- _TASK TO COMPLETE_
Scan the records below. Copy every line in which the word "part" appears.

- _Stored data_
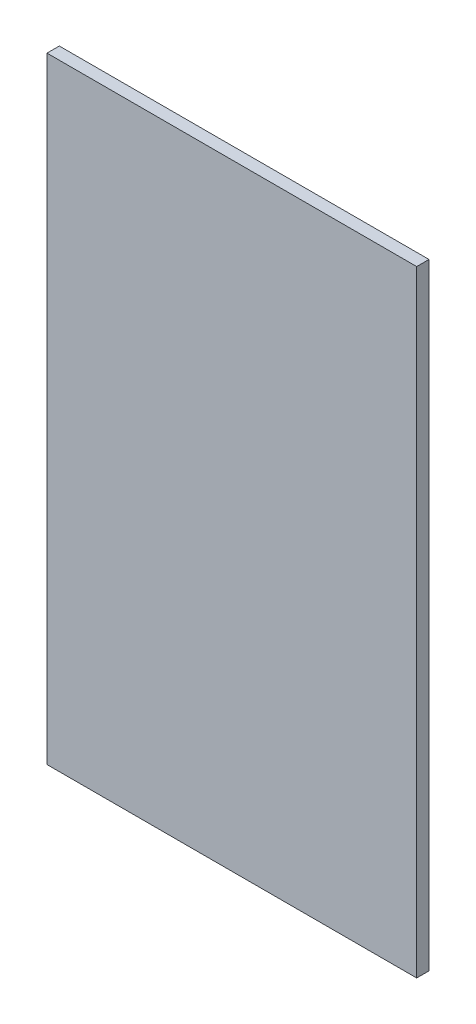
from build123d import *

# Parameters (mm, degrees)
SKETCH1_W      = 300
SKETCH1_H      = 500
EXTRUDE1_DEPTH = 10


with BuildPart() as part:
    # Sketch1 → Extrude1 (new body)
    with BuildSketch(Plane.XY):
        with Locations((150, 250)):
            Rectangle(SKETCH1_W, SKETCH1_H)
    extrude(amount=EXTRUDE1_DEPTH)


solid = part.part

- _RESULT BELOW_
with BuildPart() as part:
solid = part.part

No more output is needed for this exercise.